## [Work request]
First find the line with "#75=CARTESIAN_POINT('',(-1.19126,0.,0.));" in the entries below, then set down exactly every line through the line with "#113=EDGE_LOOP('',(#112));", that line included.

BEGIN Task material

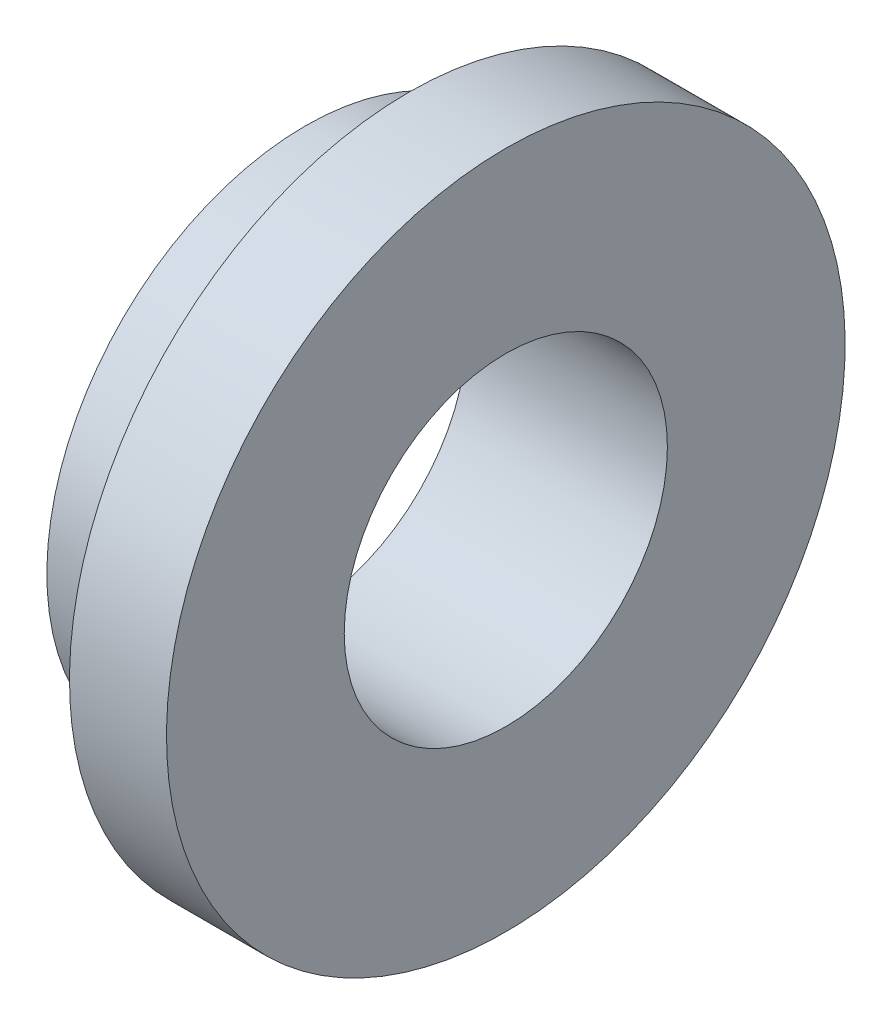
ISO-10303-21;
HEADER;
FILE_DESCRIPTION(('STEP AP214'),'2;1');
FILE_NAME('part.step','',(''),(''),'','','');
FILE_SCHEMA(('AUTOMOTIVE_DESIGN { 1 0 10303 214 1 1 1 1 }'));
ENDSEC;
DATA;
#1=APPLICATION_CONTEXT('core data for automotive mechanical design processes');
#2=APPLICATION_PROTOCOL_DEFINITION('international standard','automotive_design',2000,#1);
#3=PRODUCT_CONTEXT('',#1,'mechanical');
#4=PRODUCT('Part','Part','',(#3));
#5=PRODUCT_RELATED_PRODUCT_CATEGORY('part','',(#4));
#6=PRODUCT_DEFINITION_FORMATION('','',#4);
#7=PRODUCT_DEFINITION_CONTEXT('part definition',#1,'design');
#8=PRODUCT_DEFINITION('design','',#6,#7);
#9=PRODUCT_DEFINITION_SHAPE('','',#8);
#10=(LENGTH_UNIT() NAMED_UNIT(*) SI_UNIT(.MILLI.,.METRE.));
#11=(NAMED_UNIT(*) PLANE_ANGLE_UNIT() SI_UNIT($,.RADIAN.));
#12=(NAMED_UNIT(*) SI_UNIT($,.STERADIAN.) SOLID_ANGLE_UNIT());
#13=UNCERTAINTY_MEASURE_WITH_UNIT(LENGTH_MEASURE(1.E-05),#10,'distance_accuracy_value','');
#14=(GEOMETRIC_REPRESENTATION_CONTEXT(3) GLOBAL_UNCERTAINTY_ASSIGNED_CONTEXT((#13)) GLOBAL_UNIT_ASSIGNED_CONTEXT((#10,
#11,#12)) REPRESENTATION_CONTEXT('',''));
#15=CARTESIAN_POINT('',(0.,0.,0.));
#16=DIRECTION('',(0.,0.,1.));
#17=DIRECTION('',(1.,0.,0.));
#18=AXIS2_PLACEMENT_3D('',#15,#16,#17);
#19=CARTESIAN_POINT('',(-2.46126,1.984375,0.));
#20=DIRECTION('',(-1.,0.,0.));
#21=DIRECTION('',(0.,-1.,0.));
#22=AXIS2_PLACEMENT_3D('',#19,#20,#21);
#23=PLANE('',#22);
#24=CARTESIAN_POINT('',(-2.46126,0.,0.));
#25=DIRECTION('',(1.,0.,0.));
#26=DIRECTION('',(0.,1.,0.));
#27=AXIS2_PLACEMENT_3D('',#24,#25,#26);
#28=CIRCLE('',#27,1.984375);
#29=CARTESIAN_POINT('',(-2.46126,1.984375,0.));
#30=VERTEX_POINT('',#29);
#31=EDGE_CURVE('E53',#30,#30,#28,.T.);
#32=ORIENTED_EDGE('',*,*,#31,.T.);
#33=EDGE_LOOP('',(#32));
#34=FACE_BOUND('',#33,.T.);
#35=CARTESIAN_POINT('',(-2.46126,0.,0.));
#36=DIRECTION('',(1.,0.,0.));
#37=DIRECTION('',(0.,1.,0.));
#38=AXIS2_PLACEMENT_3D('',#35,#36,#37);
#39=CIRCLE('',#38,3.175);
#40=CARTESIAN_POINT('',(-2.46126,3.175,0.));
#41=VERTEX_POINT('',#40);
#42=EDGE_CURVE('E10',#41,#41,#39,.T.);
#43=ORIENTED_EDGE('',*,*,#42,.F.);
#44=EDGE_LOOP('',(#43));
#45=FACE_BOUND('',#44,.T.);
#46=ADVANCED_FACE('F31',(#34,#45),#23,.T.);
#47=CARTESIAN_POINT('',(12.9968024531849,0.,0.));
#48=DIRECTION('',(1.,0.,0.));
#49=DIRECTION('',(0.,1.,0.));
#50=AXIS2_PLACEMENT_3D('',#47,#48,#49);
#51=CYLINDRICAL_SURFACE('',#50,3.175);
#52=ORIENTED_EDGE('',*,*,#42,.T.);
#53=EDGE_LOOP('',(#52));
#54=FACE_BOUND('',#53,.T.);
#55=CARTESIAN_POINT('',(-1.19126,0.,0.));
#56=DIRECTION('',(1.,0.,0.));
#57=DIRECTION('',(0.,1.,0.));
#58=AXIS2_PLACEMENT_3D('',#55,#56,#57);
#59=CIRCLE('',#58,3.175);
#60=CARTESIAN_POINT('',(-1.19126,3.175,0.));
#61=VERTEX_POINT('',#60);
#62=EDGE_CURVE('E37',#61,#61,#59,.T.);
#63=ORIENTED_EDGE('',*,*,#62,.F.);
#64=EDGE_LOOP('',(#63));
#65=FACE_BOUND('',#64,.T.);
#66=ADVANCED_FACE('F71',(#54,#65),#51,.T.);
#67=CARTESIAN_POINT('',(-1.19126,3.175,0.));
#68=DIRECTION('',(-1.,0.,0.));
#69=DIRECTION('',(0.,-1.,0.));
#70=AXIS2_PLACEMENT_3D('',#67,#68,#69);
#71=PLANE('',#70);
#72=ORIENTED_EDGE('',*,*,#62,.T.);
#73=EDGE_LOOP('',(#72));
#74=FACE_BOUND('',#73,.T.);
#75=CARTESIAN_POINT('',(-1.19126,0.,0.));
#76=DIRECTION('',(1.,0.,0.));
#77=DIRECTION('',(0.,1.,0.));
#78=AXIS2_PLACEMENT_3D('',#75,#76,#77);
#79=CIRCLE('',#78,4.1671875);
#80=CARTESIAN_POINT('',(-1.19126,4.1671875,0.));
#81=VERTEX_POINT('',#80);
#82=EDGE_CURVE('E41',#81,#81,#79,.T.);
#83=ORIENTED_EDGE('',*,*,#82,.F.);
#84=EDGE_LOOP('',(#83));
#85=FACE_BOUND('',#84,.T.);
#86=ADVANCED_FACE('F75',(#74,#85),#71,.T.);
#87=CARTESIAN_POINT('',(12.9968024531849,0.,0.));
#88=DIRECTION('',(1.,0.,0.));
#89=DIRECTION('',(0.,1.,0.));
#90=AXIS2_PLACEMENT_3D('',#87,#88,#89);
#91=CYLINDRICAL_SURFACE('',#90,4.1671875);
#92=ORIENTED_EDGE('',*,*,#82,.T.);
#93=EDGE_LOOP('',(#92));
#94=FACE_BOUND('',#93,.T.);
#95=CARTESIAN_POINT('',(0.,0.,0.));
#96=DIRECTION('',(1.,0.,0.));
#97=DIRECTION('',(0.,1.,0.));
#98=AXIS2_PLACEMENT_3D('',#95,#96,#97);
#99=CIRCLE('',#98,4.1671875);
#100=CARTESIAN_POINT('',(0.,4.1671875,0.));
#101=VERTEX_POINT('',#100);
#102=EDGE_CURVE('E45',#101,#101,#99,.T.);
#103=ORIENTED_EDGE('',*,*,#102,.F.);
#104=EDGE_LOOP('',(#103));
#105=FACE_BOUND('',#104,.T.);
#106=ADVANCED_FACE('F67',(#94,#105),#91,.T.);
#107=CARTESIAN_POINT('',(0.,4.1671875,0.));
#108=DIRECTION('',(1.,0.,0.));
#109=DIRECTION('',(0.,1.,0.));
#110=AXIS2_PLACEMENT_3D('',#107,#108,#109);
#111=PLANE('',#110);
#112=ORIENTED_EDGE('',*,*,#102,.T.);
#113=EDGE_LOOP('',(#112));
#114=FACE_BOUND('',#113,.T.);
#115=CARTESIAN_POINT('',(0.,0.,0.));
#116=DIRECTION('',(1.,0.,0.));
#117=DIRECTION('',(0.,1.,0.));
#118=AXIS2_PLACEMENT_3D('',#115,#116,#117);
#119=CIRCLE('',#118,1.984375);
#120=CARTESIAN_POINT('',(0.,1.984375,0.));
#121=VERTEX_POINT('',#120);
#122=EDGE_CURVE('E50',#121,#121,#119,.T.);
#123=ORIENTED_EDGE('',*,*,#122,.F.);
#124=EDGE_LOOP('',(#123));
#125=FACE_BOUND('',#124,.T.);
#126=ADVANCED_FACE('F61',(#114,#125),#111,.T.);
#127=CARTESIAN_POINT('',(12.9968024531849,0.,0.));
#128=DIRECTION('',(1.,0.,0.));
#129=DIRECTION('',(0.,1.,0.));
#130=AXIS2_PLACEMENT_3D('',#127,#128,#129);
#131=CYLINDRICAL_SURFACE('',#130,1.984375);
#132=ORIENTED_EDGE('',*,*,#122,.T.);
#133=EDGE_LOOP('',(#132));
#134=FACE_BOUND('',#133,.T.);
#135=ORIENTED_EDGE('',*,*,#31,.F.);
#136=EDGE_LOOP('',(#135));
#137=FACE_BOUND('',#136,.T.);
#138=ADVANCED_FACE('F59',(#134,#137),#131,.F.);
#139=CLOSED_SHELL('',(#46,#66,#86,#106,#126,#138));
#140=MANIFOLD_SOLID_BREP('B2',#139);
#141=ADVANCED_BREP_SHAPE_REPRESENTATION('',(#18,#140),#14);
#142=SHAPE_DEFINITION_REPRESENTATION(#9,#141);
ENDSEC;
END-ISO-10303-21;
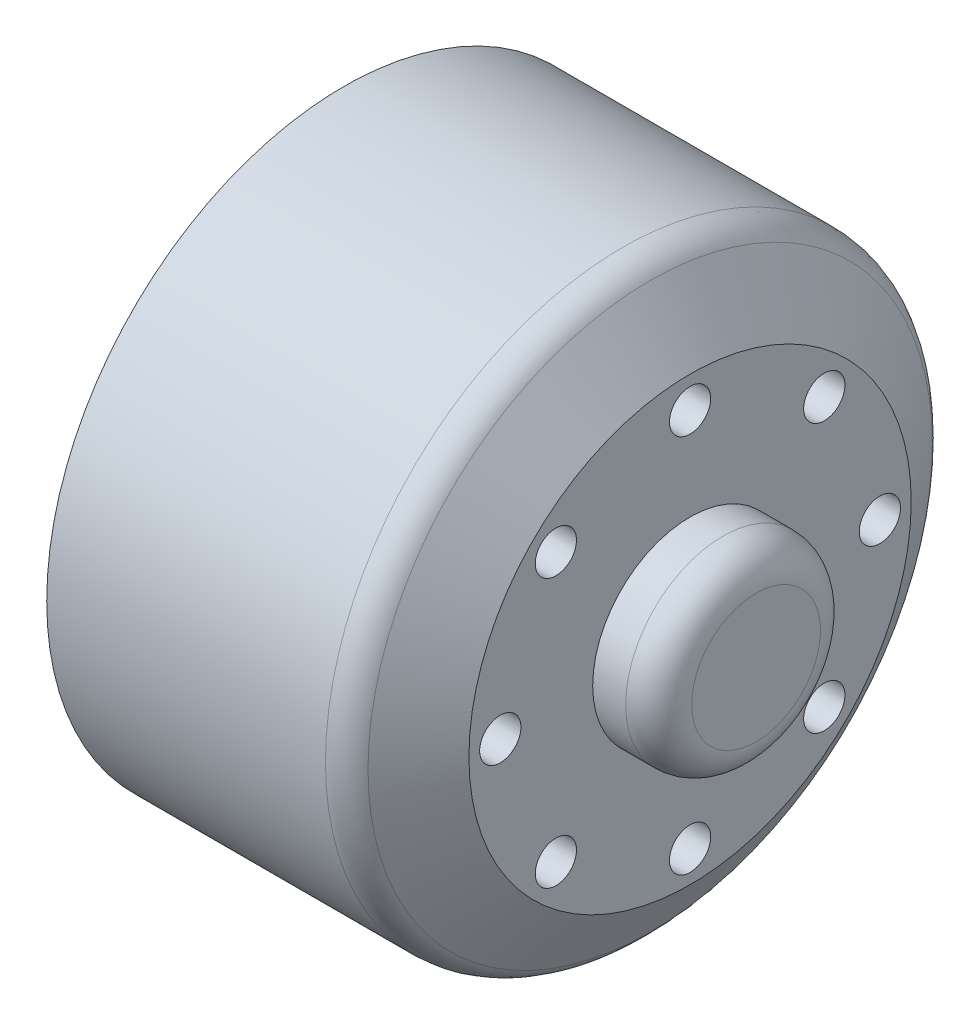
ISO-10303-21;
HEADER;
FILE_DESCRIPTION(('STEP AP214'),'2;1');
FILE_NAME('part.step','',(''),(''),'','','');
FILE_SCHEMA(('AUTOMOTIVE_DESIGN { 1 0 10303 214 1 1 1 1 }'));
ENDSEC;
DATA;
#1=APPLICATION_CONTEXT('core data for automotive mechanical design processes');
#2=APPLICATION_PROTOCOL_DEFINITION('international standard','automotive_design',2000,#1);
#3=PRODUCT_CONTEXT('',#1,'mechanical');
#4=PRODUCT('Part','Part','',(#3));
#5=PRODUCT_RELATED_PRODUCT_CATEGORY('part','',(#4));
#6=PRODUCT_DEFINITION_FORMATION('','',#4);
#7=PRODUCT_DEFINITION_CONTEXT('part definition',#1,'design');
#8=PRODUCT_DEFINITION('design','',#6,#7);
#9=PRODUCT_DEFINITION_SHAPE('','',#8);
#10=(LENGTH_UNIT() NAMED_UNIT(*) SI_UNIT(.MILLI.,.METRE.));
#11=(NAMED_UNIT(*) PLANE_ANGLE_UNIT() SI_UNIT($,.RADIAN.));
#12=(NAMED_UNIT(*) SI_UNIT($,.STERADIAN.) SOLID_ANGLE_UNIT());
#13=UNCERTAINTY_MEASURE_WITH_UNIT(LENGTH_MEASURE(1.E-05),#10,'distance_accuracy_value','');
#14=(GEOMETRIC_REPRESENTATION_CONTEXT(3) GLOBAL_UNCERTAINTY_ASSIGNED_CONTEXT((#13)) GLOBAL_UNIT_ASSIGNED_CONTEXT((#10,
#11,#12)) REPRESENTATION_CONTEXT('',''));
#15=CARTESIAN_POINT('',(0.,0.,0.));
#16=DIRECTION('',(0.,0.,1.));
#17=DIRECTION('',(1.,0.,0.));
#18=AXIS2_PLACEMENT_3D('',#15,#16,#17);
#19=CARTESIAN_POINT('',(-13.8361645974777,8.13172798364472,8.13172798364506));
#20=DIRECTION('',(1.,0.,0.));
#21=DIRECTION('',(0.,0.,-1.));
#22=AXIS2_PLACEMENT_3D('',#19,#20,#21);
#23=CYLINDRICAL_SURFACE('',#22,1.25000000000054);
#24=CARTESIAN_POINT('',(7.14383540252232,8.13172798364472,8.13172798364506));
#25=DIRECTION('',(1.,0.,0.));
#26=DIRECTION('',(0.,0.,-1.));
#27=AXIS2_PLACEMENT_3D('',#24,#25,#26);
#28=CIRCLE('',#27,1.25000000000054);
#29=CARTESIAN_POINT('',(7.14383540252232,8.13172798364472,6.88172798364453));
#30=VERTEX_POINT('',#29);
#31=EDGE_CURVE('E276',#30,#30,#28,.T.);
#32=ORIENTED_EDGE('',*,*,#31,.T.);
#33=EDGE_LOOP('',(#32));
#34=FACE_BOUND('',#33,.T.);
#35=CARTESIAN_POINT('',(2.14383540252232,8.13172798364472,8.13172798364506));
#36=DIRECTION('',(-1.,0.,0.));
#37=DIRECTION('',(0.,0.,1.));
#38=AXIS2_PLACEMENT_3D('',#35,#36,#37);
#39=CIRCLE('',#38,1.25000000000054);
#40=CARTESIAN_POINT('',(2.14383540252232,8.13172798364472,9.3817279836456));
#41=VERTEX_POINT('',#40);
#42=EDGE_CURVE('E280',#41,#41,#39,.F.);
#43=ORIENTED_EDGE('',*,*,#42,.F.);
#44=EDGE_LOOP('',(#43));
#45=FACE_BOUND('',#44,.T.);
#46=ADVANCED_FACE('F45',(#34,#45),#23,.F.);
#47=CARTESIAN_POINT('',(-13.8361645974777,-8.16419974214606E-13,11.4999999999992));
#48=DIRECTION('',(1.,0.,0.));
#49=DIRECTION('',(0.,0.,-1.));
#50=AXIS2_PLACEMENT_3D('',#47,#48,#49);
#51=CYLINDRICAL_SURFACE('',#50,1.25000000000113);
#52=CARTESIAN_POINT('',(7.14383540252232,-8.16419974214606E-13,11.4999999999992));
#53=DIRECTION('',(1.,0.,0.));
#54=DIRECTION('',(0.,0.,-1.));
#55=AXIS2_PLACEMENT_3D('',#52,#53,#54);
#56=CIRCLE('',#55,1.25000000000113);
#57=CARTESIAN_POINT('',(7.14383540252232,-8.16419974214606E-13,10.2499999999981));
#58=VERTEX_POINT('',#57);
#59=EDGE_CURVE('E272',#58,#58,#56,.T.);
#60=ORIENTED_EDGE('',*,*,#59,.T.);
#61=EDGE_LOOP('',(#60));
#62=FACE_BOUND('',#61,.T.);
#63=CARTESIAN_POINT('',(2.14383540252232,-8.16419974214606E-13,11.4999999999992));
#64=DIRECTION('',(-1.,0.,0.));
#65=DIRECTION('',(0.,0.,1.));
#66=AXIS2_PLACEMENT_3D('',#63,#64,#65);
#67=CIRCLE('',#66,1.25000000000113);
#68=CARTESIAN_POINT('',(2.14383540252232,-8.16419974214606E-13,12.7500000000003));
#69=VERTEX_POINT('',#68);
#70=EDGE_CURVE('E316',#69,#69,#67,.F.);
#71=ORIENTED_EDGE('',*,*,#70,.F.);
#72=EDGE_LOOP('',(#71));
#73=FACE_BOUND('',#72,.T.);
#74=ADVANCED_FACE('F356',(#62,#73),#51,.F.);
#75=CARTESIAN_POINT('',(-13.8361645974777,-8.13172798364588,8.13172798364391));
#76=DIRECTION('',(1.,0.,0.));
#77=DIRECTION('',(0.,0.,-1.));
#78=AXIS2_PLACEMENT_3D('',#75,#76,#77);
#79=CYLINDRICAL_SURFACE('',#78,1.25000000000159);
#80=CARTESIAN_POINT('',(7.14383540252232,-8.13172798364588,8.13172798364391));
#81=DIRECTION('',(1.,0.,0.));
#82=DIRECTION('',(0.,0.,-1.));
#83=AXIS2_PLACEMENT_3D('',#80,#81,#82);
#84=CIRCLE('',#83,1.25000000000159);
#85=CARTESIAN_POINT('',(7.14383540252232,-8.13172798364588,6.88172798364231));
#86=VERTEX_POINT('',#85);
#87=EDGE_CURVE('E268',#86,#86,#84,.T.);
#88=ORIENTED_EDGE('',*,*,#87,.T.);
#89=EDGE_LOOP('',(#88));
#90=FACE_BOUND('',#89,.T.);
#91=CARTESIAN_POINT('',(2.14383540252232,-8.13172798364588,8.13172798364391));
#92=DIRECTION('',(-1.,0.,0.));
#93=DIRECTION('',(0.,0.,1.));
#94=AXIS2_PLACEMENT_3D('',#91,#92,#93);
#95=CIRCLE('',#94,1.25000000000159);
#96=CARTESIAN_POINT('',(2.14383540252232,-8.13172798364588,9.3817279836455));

END Task material

## [Task answer]
#75=CARTESIAN_POINT('',(-1.19126,0.,0.));
#76=DIRECTION('',(1.,0.,0.));
#77=DIRECTION('',(0.,1.,0.));
#78=AXIS2_PLACEMENT_3D('',#75,#76,#77);
#79=CIRCLE('',#78,4.1671875);
#80=CARTESIAN_POINT('',(-1.19126,4.1671875,0.));
#81=VERTEX_POINT('',#80);
#82=EDGE_CURVE('E41',#81,#81,#79,.T.);
#83=ORIENTED_EDGE('',*,*,#82,.F.);
#84=EDGE_LOOP('',(#83));
#85=FACE_BOUND('',#84,.T.);
#86=ADVANCED_FACE('F75',(#74,#85),#71,.T.);
#87=CARTESIAN_POINT('',(12.9968024531849,0.,0.));
#88=DIRECTION('',(1.,0.,0.));
#89=DIRECTION('',(0.,1.,0.));
#90=AXIS2_PLACEMENT_3D('',#87,#88,#89);
#91=CYLINDRICAL_SURFACE('',#90,4.1671875);
#92=ORIENTED_EDGE('',*,*,#82,.T.);
#93=EDGE_LOOP('',(#92));
#94=FACE_BOUND('',#93,.T.);
#95=CARTESIAN_POINT('',(0.,0.,0.));
#96=DIRECTION('',(1.,0.,0.));
#97=DIRECTION('',(0.,1.,0.));
#98=AXIS2_PLACEMENT_3D('',#95,#96,#97);
#99=CIRCLE('',#98,4.1671875);
#100=CARTESIAN_POINT('',(0.,4.1671875,0.));
#101=VERTEX_POINT('',#100);
#102=EDGE_CURVE('E45',#101,#101,#99,.T.);
#103=ORIENTED_EDGE('',*,*,#102,.F.);
#104=EDGE_LOOP('',(#103));
#105=FACE_BOUND('',#104,.T.);
#106=ADVANCED_FACE('F67',(#94,#105),#91,.T.);
#107=CARTESIAN_POINT('',(0.,4.1671875,0.));
#108=DIRECTION('',(1.,0.,0.));
#109=DIRECTION('',(0.,1.,0.));
#110=AXIS2_PLACEMENT_3D('',#107,#108,#109);
#111=PLANE('',#110);
#112=ORIENTED_EDGE('',*,*,#102,.T.);
#113=EDGE_LOOP('',(#112));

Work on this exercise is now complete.